One year later, my still recovering 76-year-old mother and I were checking into a simple hotel in Lourdes, France. As we got down to the street we joined the hundreds of people making their way to where St. Bernadette first saw the Virgin Mary and where now stands a beautiful cathedral called The Sanctuary of Our Lady of Lourdes. For every person walking with us there was a story of Faith, just like ours. In our time of need, each of us experienced the feeling of calm wash over us as we released our troubles and grabbed onto the hope that Faith provided.
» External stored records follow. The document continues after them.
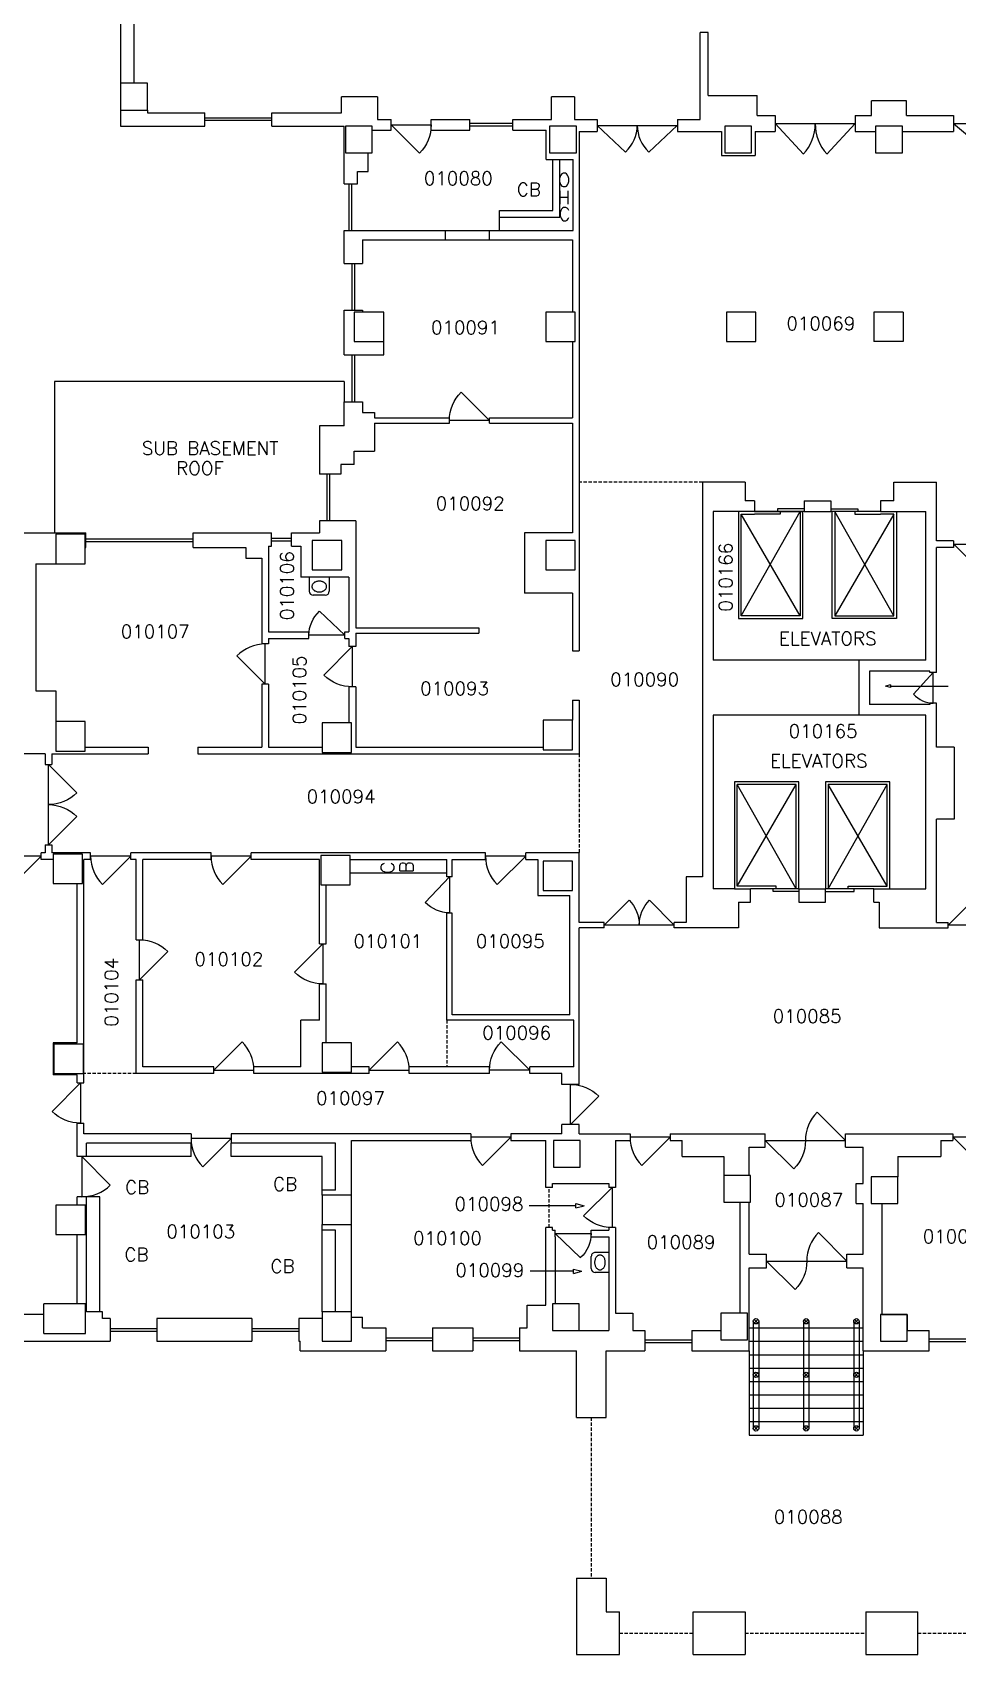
# Model space of a CAD drawing. Extents: x -572 to 188, y -99 to 441.
# Drawn here: x -267.4 to -198.3, y 94.3 to 215.5 of the extents above; entities that cross this region are included whole.
import ezdxf
from ezdxf.enums import TextEntityAlignment as Align

# ---------------------------------------------------------------- set-up
doc = ezdxf.new("R2010")
doc.units = 0
doc.header["$MEASUREMENT"] = 0
doc.linetypes.add('HIDDEN', pattern=[0.375, 0.25, -0.125])
for name, color, linetype in [('1', 7, 'CONTINUOUS'), ('15', 7, 'CONTINUOUS'), ('2', 7, 'CONTINUOUS'), ('25', 7, 'CONTINUOUS'), ('26', 7, 'CONTINUOUS'), ('27', 7, 'CONTINUOUS'), ('28', 7, 'CONTINUOUS'), ('3', 7, 'CONTINUOUS'), ('4', 7, 'CONTINUOUS'), ('61', 7, 'CONTINUOUS')]:
    doc.layers.add(name, color=color, linetype=linetype)
doc.styles.add('ROMANS', font='ROMANS', dxfattribs={"height": 0.2})

# ---------------------------------------------------------------- blocks, each defined once
blk = doc.blocks.new('DRLH36')
at = {"layer": '26', "color": 6, "linetype": 'Continuous'}
for q in [(2.1213, 2.1213), (3, 0)]:
    blk.add_line((0, 0), q, dxfattribs=at)
blk.add_arc((0, 0), 3, 360, 45, dxfattribs=at)
blk = doc.blocks.new('DRRH36')
at = {"layer": '26', "color": 6, "linetype": 'Continuous', "yscale": -1, "rotation": 180}
blk.add_blockref('DRLH36', (0, 0), dxfattribs=at)
blk = doc.blocks.new('DDR5$7')
at = {"layer": '26', "color": 6, "linetype": 'Continuous'}
for p, q in [((0, 0), (5.7, 0)), ((0, 0), (2.02, -2.02)), ((5.7, 0), (3.68, -2.02))]:
    blk.add_line(p, q, dxfattribs=at)
for centre, start, end in [((0, 0), 314.999, 0), ((5.7, 0), 180, 225.001)]:
    blk.add_arc(centre, 2.85, start, end, dxfattribs=at)
blk = doc.blocks.new('DRRH24')
at = {"layer": '26', "color": 6, "linetype": 'Continuous'}
blk.add_lwpolyline([(0, 0), (-1.41, 1.41), (-1.41, 1.41, 0.197921), (-2, 0.01), (-2, 0), (0, 0)], format="xyb", dxfattribs=at)
blk = doc.blocks.new('DDR72')
at = {"layer": '26', "color": 6, "linetype": 'Continuous'}
blk.add_lwpolyline([(0, 0), (2.12, 2.12), (2.12, 2.12, -0.198912), (3, 0), (3, 0, -0.198912), (3.88, 2.12), (3.88, 2.12), (6, 0), (3, 0), (0, 0)], format="xyb", dxfattribs=at)
blk = doc.blocks.new('DSDR72')
at = {"layer": '28', "color": 6, "linetype": 'Continuous'}
blk.add_lwpolyline([(3, 0), (0, 0), (2.12, -2.12), (2.12, -2.12, 0.198912), (3, 0), (3, 0, -0.198912), (3.88, 2.12), (3.88, 2.12), (6, 0), (3, 0)], format="xyb", dxfattribs=at)
blk = doc.blocks.new('DRLH32')
at = {"layer": '26', "color": 6, "linetype": 'Continuous'}
for q in [(1.89, 1.89), (2.67, 0)]:
    blk.add_line((0, 0), q, dxfattribs=at)
blk.add_arc((0, 0), 2.67, 0, 44.9499, dxfattribs=at)
blk = doc.blocks.new('SINK1')
at = {"layer": '25', "color": 253, "linetype": 'Continuous'}
for p, q in [((-0.45, 1.3), (0.45, 1.3)), ((-0.75, 0), (-0.75, 1)), ((0.75, 0), (0.75, 1))]:
    blk.add_line(p, q, dxfattribs=at)
blk.add_lwpolyline([(-0.55, 0.65, 0.066843), (-0.54, 0.57, 0.062769), (-0.51, 0.5, 0.056398), (-0.46, 0.43, 0.049772), (-0.39, 0.37, 0.044142), (-0.31, 0.32, 0.039957), (-0.21, 0.28, 0.03725), (-0.11, 0.26, 0.035932), (0, 0.25, 0.035932), (0.11, 0.26, 0.03725), (0.21, 0.28, 0.039957), (0.31, 0.32, 0.044142), (0.39, 0.37, 0.049772), (0.46, 0.43, 0.056398), (0.51, 0.5, 0.062769), (0.54, 0.57, 0.066843), (0.55, 0.65, 0.066843), (0.54, 0.73, 0.062769), (0.51, 0.8, 0.056398), (0.46, 0.87, 0.049772), (0.39, 0.93, 0.044142), (0.31, 0.98, 0.039957), (0.21, 1.02, 0.03725), (0.11, 1.04, 0.035932), (0, 1.05, 0.035932), (-0.11, 1.04, 0.03725), (-0.21, 1.02, 0.039957), (-0.31, 0.98, 0.044142), (-0.39, 0.93, 0.049772), (-0.46, 0.87, 0.056398), (-0.51, 0.8, 0.062769), (-0.54, 0.73, 0.066843)], format="xyb", close=True, dxfattribs=at)
for centre, start, end in [((-0.45, 1), 90, 180), ((0.45, 1), 360, 90)]:
    blk.add_arc(centre, 0.3, start, end, dxfattribs=at)
blk = doc.blocks.new('*O2828')
at = {"layer": '25', "color": 253, "linetype": 'Continuous'}
for p, q in [((-209.7168, 111.0151), (-209.434, 111.2979)), ((-209.434, 111.0151), (-209.7168, 111.2979))]:
    blk.add_line(p, q, dxfattribs=at)
blk.add_circle((-209.5754, 111.1565), 0.2, dxfattribs=at)
blk = doc.blocks.new('*O2929')
at = {"layer": '25', "color": 253, "linetype": 'Continuous'}
for p, q in [((-209.7168, 111.0151), (-209.434, 111.2979)), ((-209.434, 111.0151), (-209.7168, 111.2979))]:
    blk.add_line(p, q, dxfattribs=at)
blk.add_circle((-209.5754, 111.1565), 0.2, dxfattribs=at)
blk = doc.blocks.new('*O3030')
at = {"layer": '25', "color": 253, "linetype": 'Continuous'}
for p, q in [((-209.7168, 111.0151), (-209.434, 111.2979)), ((-209.434, 111.0151), (-209.7168, 111.2979))]:
    blk.add_line(p, q, dxfattribs=at)
blk.add_circle((-209.5754, 111.1565), 0.2, dxfattribs=at)
blk = doc.blocks.new('*O2727')
at = {"layer": '25', "color": 253, "linetype": 'Continuous'}
for p, q in [((-209.7754, 119.1565), (-209.7754, 111.1565)), ((-209.3754, 119.1565), (-209.3754, 111.1565))]:
    blk.add_line(p, q, dxfattribs=at)
for name, p in [('*O3030', (0, 8)), ('*O2929', (0, 4)), ('*O2828', (0, 0))]:
    blk.add_blockref(name, p, dxfattribs=at)
blk = doc.blocks.new('*O3232')
at = {"layer": '25', "color": 253, "linetype": 'Continuous'}
for p, q in [((-209.7168, 111.0151), (-209.434, 111.2979)), ((-209.434, 111.0151), (-209.7168, 111.2979))]:
    blk.add_line(p, q, dxfattribs=at)
blk.add_circle((-209.5754, 111.1565), 0.2, dxfattribs=at)
blk = doc.blocks.new('*O3333')
at = {"layer": '25', "color": 253, "linetype": 'Continuous'}
for p, q in [((-209.7168, 111.0151), (-209.434, 111.2979)), ((-209.434, 111.0151), (-209.7168, 111.2979))]:
    blk.add_line(p, q, dxfattribs=at)
blk.add_circle((-209.5754, 111.1565), 0.2, dxfattribs=at)
blk = doc.blocks.new('*O3434')
at = {"layer": '25', "color": 253, "linetype": 'Continuous'}
for p, q in [((-209.7168, 111.0151), (-209.434, 111.2979)), ((-209.434, 111.0151), (-209.7168, 111.2979))]:
    blk.add_line(p, q, dxfattribs=at)
blk.add_circle((-209.5754, 111.1565), 0.2, dxfattribs=at)
blk = doc.blocks.new('*O3131')
at = {"layer": '25', "color": 253, "linetype": 'Continuous'}
for p, q in [((-209.7754, 119.1565), (-209.7754, 111.1565)), ((-209.3754, 119.1565), (-209.3754, 111.1565))]:
    blk.add_line(p, q, dxfattribs=at)
for name, p in [('*O3434', (0, 8)), ('*O3333', (0, 4)), ('*O3232', (0, 0))]:
    blk.add_blockref(name, p, dxfattribs=at)
blk = doc.blocks.new('*O3636')
at = {"layer": '25', "color": 253, "linetype": 'Continuous'}
for p, q in [((-209.7168, 111.0151), (-209.434, 111.2979)), ((-209.434, 111.0151), (-209.7168, 111.2979))]:
    blk.add_line(p, q, dxfattribs=at)
blk.add_circle((-209.5754, 111.1565), 0.2, dxfattribs=at)
blk = doc.blocks.new('*O3737')
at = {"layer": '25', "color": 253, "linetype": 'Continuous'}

Walking into the cathedral at Lourdes, I allowed the stillness that echoed within the gilded domed ceilings to silence my logical mind and give way to humble faith. Though faith may seem like an antiquated notion in the information age, faith, as I discovered, is not so much a luxury but a noble human quality. It taps into human resolve like nothing else can and has the power to unite as much as it has the power to divide. Like any other tool of human making, it can be used to do good or cause harm depending on its application. Many other people we met at Lourdes, like my mother, had overcome great obstacles because of their faith.
As many more faithful continued to enter the cathedral and take their seats in preparation for mass, the hushed whisperings of prayers filled the incense-thick air and I let big “F” Faith comfort me. As I sat with my mother, filled with gratitude for her recovery, I reflected on how my Faith had once again not let me down. No matter what religion or frame we decide to place around it, faith resides in the human spirit, not in the walls of an institution, and is the Divine within us. As I reach out to St. Bernadette I see her vulnerability and her strength and let her remind me that it will all be okay.